(Stored items)
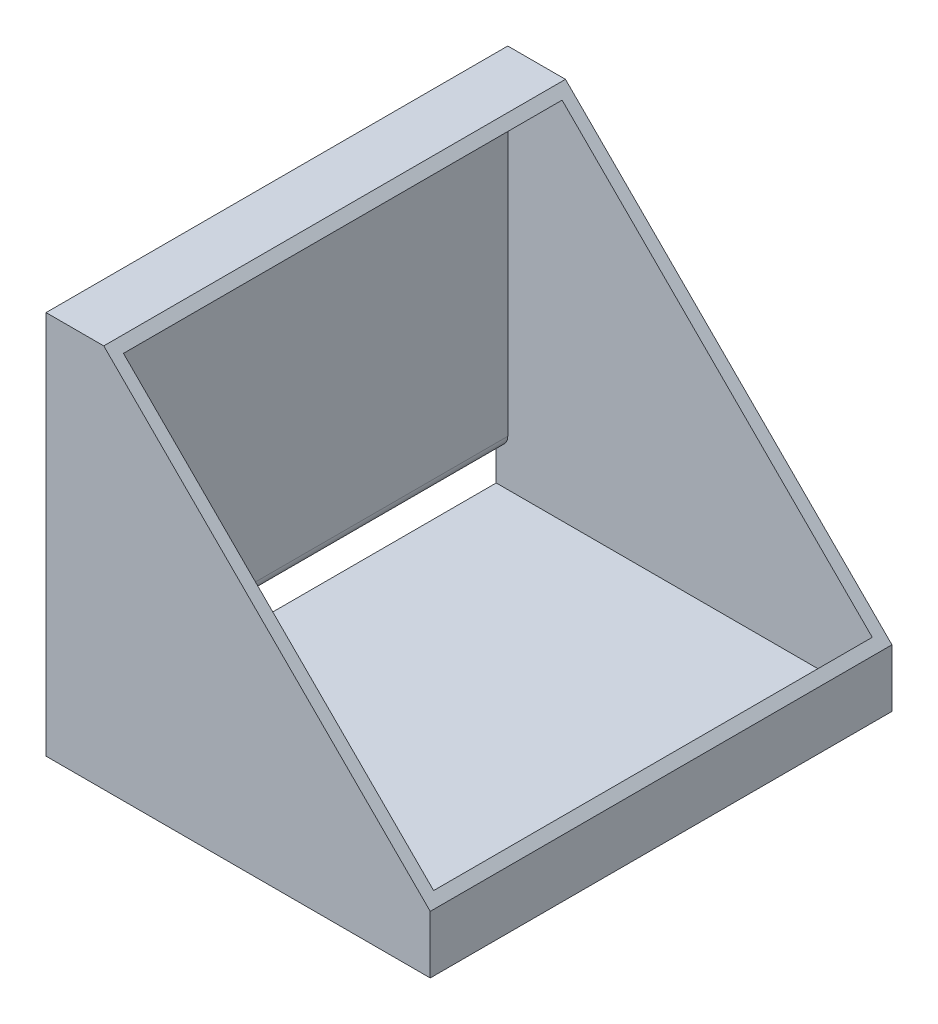
ISO-10303-21;
HEADER;
FILE_DESCRIPTION(('STEP AP214'),'2;1');
FILE_NAME('part.step','',(''),(''),'','','');
FILE_SCHEMA(('AUTOMOTIVE_DESIGN { 1 0 10303 214 1 1 1 1 }'));
ENDSEC;
DATA;
#1=APPLICATION_CONTEXT('core data for automotive mechanical design processes');
#2=APPLICATION_PROTOCOL_DEFINITION('international standard','automotive_design',2000,#1);
#3=PRODUCT_CONTEXT('',#1,'mechanical');
#4=PRODUCT('Part','Part','',(#3));
#5=PRODUCT_RELATED_PRODUCT_CATEGORY('part','',(#4));
#6=PRODUCT_DEFINITION_FORMATION('','',#4);
#7=PRODUCT_DEFINITION_CONTEXT('part definition',#1,'design');
#8=PRODUCT_DEFINITION('design','',#6,#7);
#9=PRODUCT_DEFINITION_SHAPE('','',#8);
#10=(LENGTH_UNIT() NAMED_UNIT(*) SI_UNIT(.MILLI.,.METRE.));
#11=(NAMED_UNIT(*) PLANE_ANGLE_UNIT() SI_UNIT($,.RADIAN.));
#12=(NAMED_UNIT(*) SI_UNIT($,.STERADIAN.) SOLID_ANGLE_UNIT());
#13=UNCERTAINTY_MEASURE_WITH_UNIT(LENGTH_MEASURE(1.E-05),#10,'distance_accuracy_value','');
#14=(GEOMETRIC_REPRESENTATION_CONTEXT(3) GLOBAL_UNCERTAINTY_ASSIGNED_CONTEXT((#13)) GLOBAL_UNIT_ASSIGNED_CONTEXT((#10,
#11,#12)) REPRESENTATION_CONTEXT('',''));
#15=CARTESIAN_POINT('',(0.,0.,0.));
#16=DIRECTION('',(0.,0.,1.));
#17=DIRECTION('',(1.,0.,0.));
#18=AXIS2_PLACEMENT_3D('',#15,#16,#17);
#19=CARTESIAN_POINT('',(18.4350288425444,18.4350288425444,-39.));
#20=DIRECTION('',(0.707106781186548,0.707106781186548,0.));
#21=DIRECTION('',(-0.707106781186548,0.707106781186548,0.));
#22=AXIS2_PLACEMENT_3D('',#19,#20,#21);
#23=PLANE('',#22);
#24=DIRECTION('',(-0.707106781186548,0.707106781186548,0.));
#25=VECTOR('',#24,1.);
#26=CARTESIAN_POINT('',(18.4350288425444,18.4350288425444,-39.));
#27=LINE('',#26,#25);
#28=CARTESIAN_POINT('',(5.00000000000001,31.8700576850888,-39.));
#29=VERTEX_POINT('',#28);
#30=CARTESIAN_POINT('',(4.58578643762691,32.2842712474619,-39.));
#31=VERTEX_POINT('',#30);
#32=EDGE_CURVE('E234',#29,#31,#27,.T.);
#33=ORIENTED_EDGE('',*,*,#32,.F.);
#34=DIRECTION('',(0.,0.,1.));
#35=VECTOR('',#34,1.);
#36=CARTESIAN_POINT('',(5.,31.8700576850888,-39.));
#37=LINE('',#36,#35);
#38=CARTESIAN_POINT('',(5.00000000000001,31.8700576850888,-0.999999999999999));
#39=VERTEX_POINT('',#38);
#40=EDGE_CURVE('E226',#29,#39,#37,.T.);
#41=ORIENTED_EDGE('',*,*,#40,.T.);
#42=DIRECTION('',(-0.707106781186548,0.707106781186548,0.));
#43=VECTOR('',#42,1.);
#44=CARTESIAN_POINT('',(18.4350288425444,18.4350288425444,-1.));
#45=LINE('',#44,#43);
#46=CARTESIAN_POINT('',(4.58578643762691,32.2842712474619,-1.));
#47=VERTEX_POINT('',#46);
#48=EDGE_CURVE('E229',#39,#47,#45,.T.);
#49=ORIENTED_EDGE('',*,*,#48,.T.);
#50=DIRECTION('',(0.,0.,1.));
#51=VECTOR('',#50,1.);
#52=CARTESIAN_POINT('',(4.58578643762691,32.2842712474619,-39.));
#53=LINE('',#52,#51);
#54=EDGE_CURVE('E244',#31,#47,#53,.T.);
#55=ORIENTED_EDGE('',*,*,#54,.F.);
#56=EDGE_LOOP('',(#33,#41,#49,#55));
#57=FACE_BOUND('',#56,.T.);
#58=ADVANCED_FACE('F63',(#57),#23,.F.);
#59=CARTESIAN_POINT('',(32.2842712474619,4.58578643762691,-1.));
#60=VERTEX_POINT('',#59);
#61=CARTESIAN_POINT('',(31.8700576850888,5.00000000000001,-0.999999999999998));
#62=VERTEX_POINT('',#61);
#63=EDGE_CURVE('E245',#60,#62,#45,.T.);
#64=ORIENTED_EDGE('',*,*,#63,.T.);
#65=DIRECTION('',(0.,0.,-1.));
#66=VECTOR('',#65,1.);
#67=CARTESIAN_POINT('',(31.8700576850888,5.,-39.));
#68=LINE('',#67,#66);
#69=CARTESIAN_POINT('',(31.8700576850888,5.,-39.));
#70=VERTEX_POINT('',#69);
#71=EDGE_CURVE('E217',#62,#70,#68,.T.);
#72=ORIENTED_EDGE('',*,*,#71,.T.);
#73=CARTESIAN_POINT('',(32.2842712474619,4.58578643762691,-39.));
#74=VERTEX_POINT('',#73);
#75=EDGE_CURVE('E230',#74,#70,#27,.T.);
#76=ORIENTED_EDGE('',*,*,#75,.F.);
#77=DIRECTION('',(0.,0.,1.));
#78=VECTOR('',#77,1.);
#79=CARTESIAN_POINT('',(32.2842712474619,4.58578643762691,-39.));
#80=LINE('',#79,#78);
#81=EDGE_CURVE('E253',#74,#60,#80,.T.);
#82=ORIENTED_EDGE('',*,*,#81,.T.);
#83=EDGE_LOOP('',(#64,#72,#76,#82));
#84=FACE_BOUND('',#83,.T.);
#85=ADVANCED_FACE('F329',(#84),#23,.F.);
#86=CARTESIAN_POINT('',(32.2842712474619,0.,-39.));
#87=DIRECTION('',(1.,0.,0.));
#88=DIRECTION('',(0.,0.,-1.));
#89=AXIS2_PLACEMENT_3D('',#86,#87,#88);
#90=PLANE('',#89);
#91=DIRECTION('',(0.,1.,0.));
#92=VECTOR('',#91,1.);
#93=CARTESIAN_POINT('',(32.2842712474619,0.,-1.));
#94=LINE('',#93,#92);
#95=CARTESIAN_POINT('',(32.2842712474619,1.,-1.));
#96=VERTEX_POINT('',#95);
#97=EDGE_CURVE('E181',#96,#60,#94,.T.);
#98=ORIENTED_EDGE('',*,*,#97,.T.);
#99=ORIENTED_EDGE('',*,*,#81,.F.);
#100=DIRECTION('',(0.,1.,0.));
#101=VECTOR('',#100,1.);
#102=CARTESIAN_POINT('',(32.2842712474619,0.,-39.));
#103=LINE('',#102,#101);
#104=CARTESIAN_POINT('',(32.2842712474619,1.,-39.));
#105=VERTEX_POINT('',#104);
#106=EDGE_CURVE('E241',#105,#74,#103,.T.);
#107=ORIENTED_EDGE('',*,*,#106,.F.);
#108=DIRECTION('',(0.,0.,1.));
#109=VECTOR('',#108,1.);
#110=CARTESIAN_POINT('',(32.2842712474619,1.,-39.));
#111=LINE('',#110,#109);
#112=EDGE_CURVE('E256',#105,#96,#111,.T.);
#113=ORIENTED_EDGE('',*,*,#112,.T.);
#114=EDGE_LOOP('',(#98,#99,#107,#113));
#115=FACE_BOUND('',#114,.T.);
#116=ADVANCED_FACE('F333',(#115),#90,.F.);
#117=CARTESIAN_POINT('',(0.,1.,-39.));
#118=DIRECTION('',(0.,-1.,0.));
#119=DIRECTION('',(0.,0.,-1.));
#120=AXIS2_PLACEMENT_3D('',#117,#118,#119);
#121=PLANE('',#120);
#122=ORIENTED_EDGE('',*,*,#112,.F.);
#123=DIRECTION('',(1.,0.,0.));
#124=VECTOR('',#123,1.);
#125=CARTESIAN_POINT('',(0.,1.,-39.));
#126=LINE('',#125,#124);
#127=CARTESIAN_POINT('',(0.,1.,-39.));
#128=VERTEX_POINT('',#127);
#129=EDGE_CURVE('E190',#128,#105,#126,.T.);
#130=ORIENTED_EDGE('',*,*,#129,.F.);
#131=DIRECTION('',(0.,0.,1.));
#132=VECTOR('',#131,1.);
#133=CARTESIAN_POINT('',(0.,1.,-39.));
#134=LINE('',#133,#132);
#135=CARTESIAN_POINT('',(0.,1.,-1.));
#136=VERTEX_POINT('',#135);
#137=EDGE_CURVE('E188',#128,#136,#134,.T.);
#138=ORIENTED_EDGE('',*,*,#137,.T.);
#139=DIRECTION('',(1.,0.,0.));
#140=VECTOR('',#139,1.);
#141=CARTESIAN_POINT('',(0.,1.,-1.));
#142=LINE('',#141,#140);
#143=EDGE_CURVE('E173',#136,#96,#142,.T.);
#144=ORIENTED_EDGE('',*,*,#143,.T.);
#145=EDGE_LOOP('',(#122,#130,#138,#144));
#146=FACE_BOUND('',#145,.T.);
#147=ADVANCED_FACE('F189',(#146),#121,.F.);
#148=CARTESIAN_POINT('',(1.,0.,-39.));
#149=DIRECTION('',(-1.,0.,0.));
#150=DIRECTION('',(0.,0.,1.));
#151=AXIS2_PLACEMENT_3D('',#148,#149,#150);
#152=PLANE('',#151);
#153=DIRECTION('',(0.,-1.,0.));
#154=VECTOR('',#153,1.);
#155=CARTESIAN_POINT('',(1.,0.,-1.));
#156=LINE('',#155,#154);
#157=CARTESIAN_POINT('',(1.,32.2842712474619,-1.));
#158=VERTEX_POINT('',#157);
#159=CARTESIAN_POINT('',(1.,5.,-1.));
#160=VERTEX_POINT('',#159);
#161=EDGE_CURVE('E185',#158,#160,#156,.T.);
#162=ORIENTED_EDGE('',*,*,#161,.T.);
#163=DIRECTION('',(0.,0.,-1.));
#164=VECTOR('',#163,1.);
#165=CARTESIAN_POINT('',(1.,5.,-39.));
#166=LINE('',#165,#164);
#167=CARTESIAN_POINT('',(1.,5.,-39.));
#168=VERTEX_POINT('',#167);
#169=EDGE_CURVE('E294',#160,#168,#166,.T.);
#170=ORIENTED_EDGE('',*,*,#169,.T.);
#171=DIRECTION('',(0.,-1.,0.));
#172=VECTOR('',#171,1.);
#173=CARTESIAN_POINT('',(1.,0.,-39.));
#174=LINE('',#173,#172);
#175=CARTESIAN_POINT('',(1.,32.2842712474619,-39.));
#176=VERTEX_POINT('',#175);
#177=EDGE_CURVE('E237',#176,#168,#174,.T.);
#178=ORIENTED_EDGE('',*,*,#177,.F.);
#179=DIRECTION('',(0.,0.,1.));
#180=VECTOR('',#179,1.);
#181=CARTESIAN_POINT('',(1.,32.2842712474619,-39.));
#182=LINE('',#181,#180);
#183=EDGE_CURVE('E258',#176,#158,#182,.T.);
#184=ORIENTED_EDGE('',*,*,#183,.T.);
#185=EDGE_LOOP('',(#162,#170,#178,#184));
#186=FACE_BOUND('',#185,.T.);
#187=ADVANCED_FACE('F306',(#186),#152,.F.);
#188=CARTESIAN_POINT('',(0.,32.2842712474619,-39.));
#189=DIRECTION('',(0.,1.,0.));
#190=DIRECTION('',(0.,0.,1.));
#191=AXIS2_PLACEMENT_3D('',#188,#189,#190);
#192=PLANE('',#191);
#193=DIRECTION('',(-1.,0.,0.));
#194=VECTOR('',#193,1.);
#195=CARTESIAN_POINT('',(0.,32.2842712474619,-1.));
#196=LINE('',#195,#194);
#197=EDGE_CURVE('E248',#47,#158,#196,.T.);
#198=ORIENTED_EDGE('',*,*,#197,.T.);
#199=ORIENTED_EDGE('',*,*,#183,.F.);
#200=DIRECTION('',(-1.,0.,0.));
#201=VECTOR('',#200,1.);
#202=CARTESIAN_POINT('',(0.,32.2842712474619,-39.));
#203=LINE('',#202,#201);
#204=EDGE_CURVE('E233',#31,#176,#203,.T.);
#205=ORIENTED_EDGE('',*,*,#204,.F.);
#206=ORIENTED_EDGE('',*,*,#54,.T.);
#207=EDGE_LOOP('',(#198,#199,#205,#206));
#208=FACE_BOUND('',#207,.T.);
#209=ADVANCED_FACE('F310',(#208),#192,.F.);
#210=CARTESIAN_POINT('',(0.,0.,-39.));
#211=DIRECTION('',(0.,0.,1.));
#212=DIRECTION('',(1.,0.,0.));
#213=AXIS2_PLACEMENT_3D('',#210,#211,#212);
#214=PLANE('',#213);
#215=ORIENTED_EDGE('',*,*,#177,.T.);
#216=CARTESIAN_POINT('',(0.,5.,-39.));
#217=DIRECTION('',(0.,0.,1.));
#218=DIRECTION('',(1.,0.,0.));
#219=AXIS2_PLACEMENT_3D('',#216,#217,#218);
#220=CIRCLE('',#219,1.);
#221=CARTESIAN_POINT('',(0.,4.,-39.));
#222=VERTEX_POINT('',#221);
#223=EDGE_CURVE('E71',#168,#222,#220,.F.);
#224=ORIENTED_EDGE('',*,*,#223,.T.);
#225=DIRECTION('',(0.,-1.,0.));
#226=VECTOR('',#225,1.);
#227=CARTESIAN_POINT('',(0.,1.,-39.));
#228=LINE('',#227,#226);
#229=EDGE_CURVE('E194',#222,#128,#228,.T.);
#230=ORIENTED_EDGE('',*,*,#229,.T.);
#231=ORIENTED_EDGE('',*,*,#129,.T.);
#232=ORIENTED_EDGE('',*,*,#106,.T.);
#233=ORIENTED_EDGE('',*,*,#75,.T.);
#234=DIRECTION('',(0.707106781186548,0.707106781186547,0.));
#235=VECTOR('',#234,1.);
#236=CARTESIAN_POINT('',(31.1629509039023,4.29289321881346,-39.));
#237=LINE('',#236,#235);
#238=CARTESIAN_POINT('',(32.5771644662754,5.70710678118655,-39.));
#239=VERTEX_POINT('',#238);
#240=EDGE_CURVE('E220',#70,#239,#237,.T.);
#241=ORIENTED_EDGE('',*,*,#240,.T.);
#242=DIRECTION('',(-0.707106781186548,0.707106781186548,0.));
#243=VECTOR('',#242,1.);
#244=CARTESIAN_POINT('',(32.5771644662754,5.70710678118655,-39.));
#245=LINE('',#244,#243);
#246=CARTESIAN_POINT('',(5.70710678118656,32.5771644662754,-39.));
#247=VERTEX_POINT('',#246);
#248=EDGE_CURVE('E208',#239,#247,#245,.T.);
#249=ORIENTED_EDGE('',*,*,#248,.T.);
#250=DIRECTION('',(0.707106781186548,0.707106781186547,0.));
#251=VECTOR('',#250,1.);
#252=CARTESIAN_POINT('',(4.29289321881346,31.1629509039023,-39.));
#253=LINE('',#252,#251);
#254=EDGE_CURVE('E218',#29,#247,#253,.T.);
#255=ORIENTED_EDGE('',*,*,#254,.F.);
#256=ORIENTED_EDGE('',*,*,#32,.T.);
#257=ORIENTED_EDGE('',*,*,#204,.T.);
#258=EDGE_LOOP('',(#215,#224,#230,#231,#232,#233,#241,#249,#255,#256,#257));
#259=FACE_BOUND('',#258,.T.);
#260=ADVANCED_FACE('F303',(#259),#214,.T.);
#261=CARTESIAN_POINT('',(0.,0.,-1.));
#262=DIRECTION('',(0.,0.,1.));
#263=DIRECTION('',(1.,0.,0.));
#264=AXIS2_PLACEMENT_3D('',#261,#262,#263);
#265=PLANE('',#264);
#266=ORIENTED_EDGE('',*,*,#143,.F.);
#267=DIRECTION('',(0.,1.,0.));
#268=VECTOR('',#267,1.);
#269=CARTESIAN_POINT('',(0.,1.,-1.));
#270=LINE('',#269,#268);
#271=CARTESIAN_POINT('',(0.,4.,-1.));
#272=VERTEX_POINT('',#271);
#273=EDGE_CURVE('E177',#136,#272,#270,.T.);
#274=ORIENTED_EDGE('',*,*,#273,.T.);
#275=CARTESIAN_POINT('',(0.,5.,-1.));
#276=DIRECTION('',(0.,0.,1.));
#277=DIRECTION('',(1.,0.,0.));
#278=AXIS2_PLACEMENT_3D('',#275,#276,#277);
#279=CIRCLE('',#278,1.);
#280=EDGE_CURVE('E12',#272,#160,#279,.T.);
#281=ORIENTED_EDGE('',*,*,#280,.T.);
#282=ORIENTED_EDGE('',*,*,#161,.F.);
#283=ORIENTED_EDGE('',*,*,#197,.F.);
#284=ORIENTED_EDGE('',*,*,#48,.F.);
#285=DIRECTION('',(0.707106781186548,0.707106781186547,0.));
#286=VECTOR('',#285,1.);
#287=CARTESIAN_POINT('',(4.29289321881346,31.1629509039023,-0.999999999999999));
#288=LINE('',#287,#286);
#289=CARTESIAN_POINT('',(5.70710678118656,32.5771644662754,-0.999999999999999));
#290=VERTEX_POINT('',#289);
#291=EDGE_CURVE('E215',#39,#290,#288,.T.);
#292=ORIENTED_EDGE('',*,*,#291,.T.);
#293=DIRECTION('',(0.707106781186548,-0.707106781186548,0.));
#294=VECTOR('',#293,1.);
#295=CARTESIAN_POINT('',(32.5771644662754,5.70710678118655,-0.999999999999998));
#296=LINE('',#295,#294);
#297=CARTESIAN_POINT('',(32.5771644662754,5.70710678118655,-1.));
#298=VERTEX_POINT('',#297);
#299=EDGE_CURVE('E200',#290,#298,#296,.T.);
#300=ORIENTED_EDGE('',*,*,#299,.T.);
#301=DIRECTION('',(0.707106781186548,0.707106781186547,0.));
#302=VECTOR('',#301,1.);
#303=CARTESIAN_POINT('',(31.1629509039023,4.29289321881346,-0.999999999999998));
#304=LINE('',#303,#302);
#305=EDGE_CURVE('E214',#62,#298,#304,.T.);
#306=ORIENTED_EDGE('',*,*,#305,.F.);
#307=ORIENTED_EDGE('',*,*,#63,.F.);
#308=ORIENTED_EDGE('',*,*,#97,.F.);
#309=EDGE_LOOP('',(#266,#274,#281,#282,#283,#284,#292,#300,#306,#307,#308));
#310=FACE_BOUND('',#309,.T.);
#311=ADVANCED_FACE('F175',(#310),#265,.F.);
#312=CARTESIAN_POINT('',(4.29289321881346,31.1629509039023,-0.999999999999999));
#313=DIRECTION('',(-0.707106781186547,0.707106781186548,0.));
#314=DIRECTION('',(-0.707106781186548,-0.707106781186547,0.));
#315=AXIS2_PLACEMENT_3D('',#312,#313,#314);
#316=PLANE('',#315);
#317=ORIENTED_EDGE('',*,*,#254,.T.);
#318=DIRECTION('',(0.,0.,1.));
#319=VECTOR('',#318,1.);
#320=CARTESIAN_POINT('',(5.70710678118656,32.5771644662754,-0.999999999999999));
#321=LINE('',#320,#319);
#322=EDGE_CURVE('E211',#247,#290,#321,.T.);
#323=ORIENTED_EDGE('',*,*,#322,.T.);
#324=ORIENTED_EDGE('',*,*,#291,.F.);
#325=ORIENTED_EDGE('',*,*,#40,.F.);
#326=EDGE_LOOP('',(#317,#323,#324,#325));
#327=FACE_BOUND('',#326,.T.);
#328=ADVANCED_FACE('F319',(#327),#316,.F.);
#329=CARTESIAN_POINT('',(31.1629509039023,4.29289321881346,-0.999999999999998));
#330=DIRECTION('',(0.707106781186547,-0.707106781186548,0.));
#331=DIRECTION('',(0.707106781186548,0.707106781186547,0.));
#332=AXIS2_PLACEMENT_3D('',#329,#330,#331);
#333=PLANE('',#332);
#334=ORIENTED_EDGE('',*,*,#305,.T.);
#335=DIRECTION('',(0.,0.,-1.));
#336=VECTOR('',#335,1.);
#337=CARTESIAN_POINT('',(32.5771644662754,5.70710678118655,-0.999999999999998));
#338=LINE('',#337,#336);
#339=EDGE_CURVE('E205',#298,#239,#338,.T.);
#340=ORIENTED_EDGE('',*,*,#339,.T.);
#341=ORIENTED_EDGE('',*,*,#240,.F.);
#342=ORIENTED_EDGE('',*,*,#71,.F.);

EXERCISE OBJECTIVE:
All lines above from the line with "#283=ORIENTED_EDGE('',*,*,#197,.F.);" through the line with "#310=FACE_BOUND('',#309,.T.);", both included, are to be set down exactly, with nothing else.

RESULT FOR THIS TASK:
#283=ORIENTED_EDGE('',*,*,#197,.F.);
#284=ORIENTED_EDGE('',*,*,#48,.F.);
#285=DIRECTION('',(0.707106781186548,0.707106781186547,0.));
#286=VECTOR('',#285,1.);
#287=CARTESIAN_POINT('',(4.29289321881346,31.1629509039023,-0.999999999999999));
#288=LINE('',#287,#286);
#289=CARTESIAN_POINT('',(5.70710678118656,32.5771644662754,-0.999999999999999));
#290=VERTEX_POINT('',#289);
#291=EDGE_CURVE('E215',#39,#290,#288,.T.);
#292=ORIENTED_EDGE('',*,*,#291,.T.);
#293=DIRECTION('',(0.707106781186548,-0.707106781186548,0.));
#294=VECTOR('',#293,1.);
#295=CARTESIAN_POINT('',(32.5771644662754,5.70710678118655,-0.999999999999998));
#296=LINE('',#295,#294);
#297=CARTESIAN_POINT('',(32.5771644662754,5.70710678118655,-1.));
#298=VERTEX_POINT('',#297);
#299=EDGE_CURVE('E200',#290,#298,#296,.T.);
#300=ORIENTED_EDGE('',*,*,#299,.T.);
#301=DIRECTION('',(0.707106781186548,0.707106781186547,0.));
#302=VECTOR('',#301,1.);
#303=CARTESIAN_POINT('',(31.1629509039023,4.29289321881346,-0.999999999999998));
#304=LINE('',#303,#302);
#305=EDGE_CURVE('E214',#62,#298,#304,.T.);
#306=ORIENTED_EDGE('',*,*,#305,.F.);
#307=ORIENTED_EDGE('',*,*,#63,.F.);
#308=ORIENTED_EDGE('',*,*,#97,.F.);
#309=EDGE_LOOP('',(#266,#274,#281,#282,#283,#284,#292,#300,#306,#307,#308));
#310=FACE_BOUND('',#309,.T.);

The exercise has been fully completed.